(Records from a collection)
BEGIN
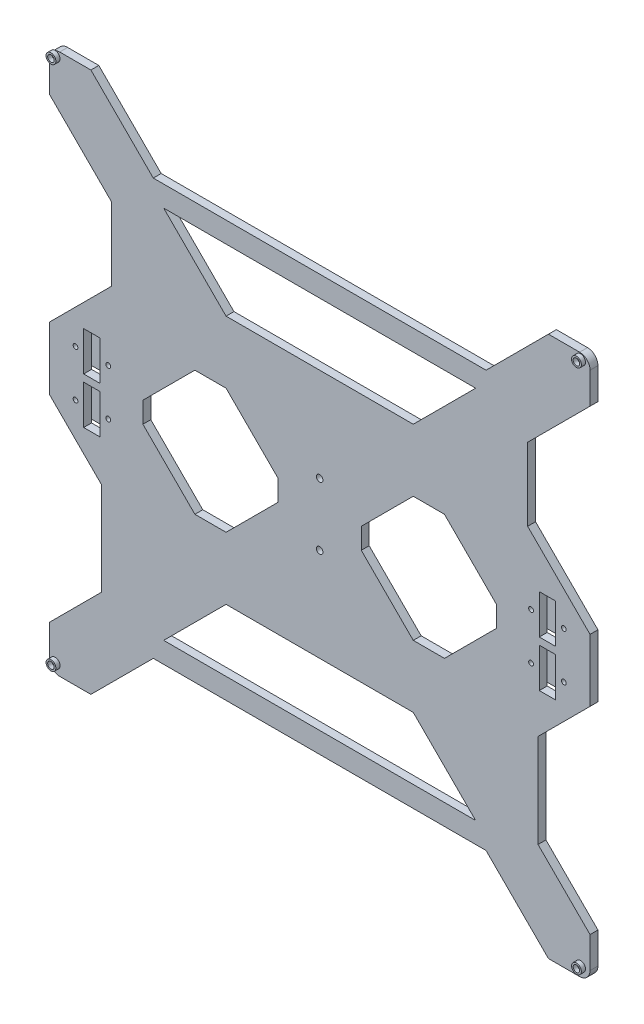
from build123d import *

# Parameters (mm, degrees)
MODEL_R             = 1.4605
MODEL_R_2           = 2
BOSS_EXTRUDE1_DEPTH = 2.413
SKETCH1_W           = 10
SKETCH1_H           = 24
CUT_EXTRUDE1_DEPTH  = 10
SKETCH2_R           = 3
SKETCH2_R_2         = 2
BOSS_EXTRUDE2_DEPTH = 2.54
SKETCH3_W           = 20
SKETCH3_H           = 20
SKETCH3_W_2         = 21.97233685
SKETCH3_H_2         = 68.295186165
BOSS_EXTRUDE3_DEPTH = 1


with BuildPart() as part:
    # Model → Boss-Extrude1 (new, symmetric)
    with BuildSketch(Plane.XY):
        with BuildLine():
            Line((-290.681304326, 108.4317), (-252.581304326, 70.3317))
            Line((-252.581304326, 70.3317), (-252.581304326, 25.8817))
            Line((-252.581304326, 25.8817), (-290.681304326, -12.2183))
            Line((-290.681304326, -12.2183), (-290.681304326, -50.3183))
            Line((-290.681304326, -50.3183), (-258.931304326, -82.0683))
            Line((-258.931304326, -82.0683), (-258.931304326, -139.2183))
            Line((-258.931304326, -139.2183), (-290.681304326, -170.9683))
            Line((-290.681304326, -170.9683), (-290.681304326, -190.0183))
            ThreePointArc((-290.681304326, -190.0183), (-288.821432386, -194.508428061), (-284.331304326, -196.3683))
            Line((-284.331304326, -196.3683), (-265.281304326, -196.3683))
            Line((-265.281304326, -196.3683), (-227.181304326, -158.2683))
            Line((-227.181304326, -158.2683), (-23.981304326, -158.2683))
            Line((-23.981304326, -158.2683), (14.118695674, -196.3683))
            Line((14.118695674, -196.3683), (33.168695674, -196.3683))
            ThreePointArc((33.168695674, -196.3683), (37.658823735, -194.508428061), (39.518695674, -190.0183))
            Line((39.518695674, -190.0183), (39.518695674, -170.9683))
            Line((39.518695674, -170.9683), (7.768695674, -139.2183))
            Line((7.768695674, -139.2183), (7.768695674, -82.0683))
            Line((7.768695674, -82.0683), (22.457936385, -67.37905929))
            Line((22.457936385, -67.37905929), (39.518695674, -50.3183))
            Line((39.518695674, -50.3183), (39.518695674, -12.2183))
            Line((39.518695674, -12.2183), (1.418695674, 25.8817))
            Line((1.418695674, 25.8817), (1.418695674, 70.3317))
            Line((1.418695674, 70.3317), (39.518695674, 108.4317))
            Line((39.518695674, 108.4317), (39.518695674, 127.4817))
            ThreePointArc((39.518695674, 127.4817), (37.658823735, 131.971828061), (33.168695674, 133.8317))
            Line((33.168695674, 133.8317), (14.118695674, 133.8317))
            Line((14.118695674, 133.8317), (-23.981304326, 95.7317))
            Line((-23.981304326, 95.7317), (-227.181304326, 95.7317))
            Line((-227.181304326, 95.7317), (-265.281304326, 133.8317))
            Line((-265.281304326, 133.8317), (-284.331304326, 133.8317))
            ThreePointArc((-284.331304326, 133.8317), (-288.821432386, 131.971828061), (-290.681304326, 127.4817))
            Line((-290.681304326, 127.4817), (-290.681304326, 108.4317))
        make_face()
        with Locations((-287.125304326, -190.6025)):
            Circle(MODEL_R, mode=Mode.SUBTRACT)
        with Locations((-274.681304256, -45.4288)):
            Circle(MODEL_R, mode=Mode.SUBTRACT)
        with Locations((-254.681304256, -45.4288)):
            Circle(MODEL_R, mode=Mode.SUBTRACT)
        Polygon((-68.431304326, -107.4683), (-30.331304326, -145.5683), (-220.831304326, -145.5683), (-182.731304326, -107.4683), align=None, mode=Mode.SUBTRACT)
        with Locations((33.752895674, -190.6025)):
            Circle(MODEL_R, mode=Mode.SUBTRACT)
        with Locations((-125.581304326, -50.3183)):
            Circle(MODEL_R_2, mode=Mode.SUBTRACT)
        Polygon((-68.431304326, -69.3683), (-100.181304326, -37.6183), (-100.181304326, -24.9183), (-68.431304326, 6.8317), (-49.381304326, 6.8317), (-17.631304326, -24.9183), (-17.631304326, -37.6183), (-49.381304326, -69.3683), align=None, mode=Mode.SUBTRACT)
        with Locations((3.518695604, -45.4288)):
            Circle(MODEL_R, mode=Mode.SUBTRACT)
        with Locations((23.518695604, -45.4288)):
            Circle(MODEL_R, mode=Mode.SUBTRACT)
        with Locations((-274.681304256, -17.1078)):
            Circle(MODEL_R, mode=Mode.SUBTRACT)
        with Locations((-254.681304256, -17.1078)):
            Circle(MODEL_R, mode=Mode.SUBTRACT)
        Polygon((-182.731304326, -69.3683), (-201.781304326, -69.3683), (-233.531304326, -37.6183), (-233.531304326, -24.9183), (-201.781304326, 6.8317), (-182.731304326, 6.8317), (-150.981304326, -24.9183), (-150.981304326, -37.6183), align=None, mode=Mode.SUBTRACT)
        with Locations((-287.125304326, 130.2757)):
            Circle(MODEL_R, mode=Mode.SUBTRACT)
        with Locations((-125.581304326, -12.2183)):
            Circle(MODEL_R_2, mode=Mode.SUBTRACT)
        with Locations((3.518695604, -17.1078)):
            Circle(MODEL_R, mode=Mode.SUBTRACT)
        with Locations((23.518695604, -17.1078)):
            Circle(MODEL_R, mode=Mode.SUBTRACT)
        Polygon((-182.731304326, 44.9317), (-220.831304326, 83.0317), (-30.331304326, 83.0317), (-68.431304326, 44.9317), align=None, mode=Mode.SUBTRACT)
        with Locations((33.752895674, 130.2757)):
            Circle(MODEL_R, mode=Mode.SUBTRACT)
    extrude(amount=BOSS_EXTRUDE1_DEPTH, both=True)

    # Sketch1 → Cut-Extrude1 (cut)
    with BuildSketch(Plane.XY.offset(2.413)):
        with Locations((-264.681304256, -45.4288)):
            Rectangle(SKETCH1_W, SKETCH1_H)
        with Locations((-264.681304256, -17.1078)):
            Rectangle(SKETCH1_W, SKETCH1_H)
        with Locations((13.518695604, -17.1078)):
            Rectangle(SKETCH1_W, SKETCH1_H)
        with Locations((13.518695604, -45.4288)):
            Rectangle(SKETCH1_W, SKETCH1_H)
    extrude(amount=-CUT_EXTRUDE1_DEPTH, mode=Mode.SUBTRACT)

    # Sketch2 → Boss-Extrude2 (add)
    # profile 1 of 4: a face of its own
    with BuildSketch(Plane.XY.offset(2.413)):
        with Locations((33.752895674, -190.6025)):
            Circle(SKETCH2_R)
        with Locations((33.752895674, -190.6025)):
            Circle(SKETCH2_R_2, mode=Mode.SUBTRACT)
    # profile 2 of 4: a face of its own
    with BuildSketch(Plane.XY.offset(2.413)):
        with Locations((-287.125304326, -190.6025)):
            Circle(SKETCH2_R)
        with Locations((-287.125304326, -190.6025)):
            Circle(SKETCH2_R_2, mode=Mode.SUBTRACT)
    # profile 3 of 4: a face of its own
    with BuildSketch(Plane.XY.offset(2.413)):
        with Locations((-287.125304326, 130.2757)):
            Circle(SKETCH2_R)
        with Locations((-287.125304326, 130.2757)):
            Circle(SKETCH2_R_2, mode=Mode.SUBTRACT)
    # profile 4 of 4: a face of its own
    with BuildSketch(Plane.XY.offset(2.413)):
        with Locations((33.752895674, 130.2757)):
            Circle(SKETCH2_R)
        with Locations((33.752895674, 130.2757)):
            Circle(SKETCH2_R_2, mode=Mode.SUBTRACT)
    extrude(amount=BOSS_EXTRUDE2_DEPTH)

    # Sketch3 → Boss-Extrude3 (add)
    with BuildSketch(Plane(origin=(0, 0, -2.413), x_dir=(-1, 0, 0), z_dir=(0, 0, -1))):
        with Locations((264.681304256, -17.1078)):
            Rectangle(SKETCH3_W, SKETCH3_H)
        with Locations((264.681304256, -45.4288)):
            Rectangle(SKETCH3_W, SKETCH3_H)
        with Locations((124.01288563, -30.494322806)):
            Rectangle(SKETCH3_W_2, SKETCH3_H_2)
        with Locations((-13.518695604, -17.1078)):
            Rectangle(SKETCH3_W, SKETCH3_H)
        with Locations((-13.518695604, -45.4288)):
            Rectangle(SKETCH3_W, SKETCH3_H)
    extrude(amount=BOSS_EXTRUDE3_DEPTH)


solid = part.part
END
TASK: Copy exactly what appears in the entries, beginning with the first line and ending with the line that has "Line((-23.981304326, -158.2683), (14.118695674, -196.3683))", but not the pictures.

SOLUTION TO THIS PROBLEM:
from build123d import *

# Parameters (mm, degrees)
MODEL_R             = 1.4605
MODEL_R_2           = 2
BOSS_EXTRUDE1_DEPTH = 2.413
SKETCH1_W           = 10
SKETCH1_H           = 24
CUT_EXTRUDE1_DEPTH  = 10
SKETCH2_R           = 3
SKETCH2_R_2         = 2
BOSS_EXTRUDE2_DEPTH = 2.54
SKETCH3_W           = 20
SKETCH3_H           = 20
SKETCH3_W_2         = 21.97233685
SKETCH3_H_2         = 68.295186165
BOSS_EXTRUDE3_DEPTH = 1


with BuildPart() as part:
    # Model → Boss-Extrude1 (new, symmetric)
    with BuildSketch(Plane.XY):
        with BuildLine():
            Line((-290.681304326, 108.4317), (-252.581304326, 70.3317))
            Line((-252.581304326, 70.3317), (-252.581304326, 25.8817))
            Line((-252.581304326, 25.8817), (-290.681304326, -12.2183))
            Line((-290.681304326, -12.2183), (-290.681304326, -50.3183))
            Line((-290.681304326, -50.3183), (-258.931304326, -82.0683))
            Line((-258.931304326, -82.0683), (-258.931304326, -139.2183))
            Line((-258.931304326, -139.2183), (-290.681304326, -170.9683))
            Line((-290.681304326, -170.9683), (-290.681304326, -190.0183))
            ThreePointArc((-290.681304326, -190.0183), (-288.821432386, -194.508428061), (-284.331304326, -196.3683))
            Line((-284.331304326, -196.3683), (-265.281304326, -196.3683))
            Line((-265.281304326, -196.3683), (-227.181304326, -158.2683))
            Line((-227.181304326, -158.2683), (-23.981304326, -158.2683))
            Line((-23.981304326, -158.2683), (14.118695674, -196.3683))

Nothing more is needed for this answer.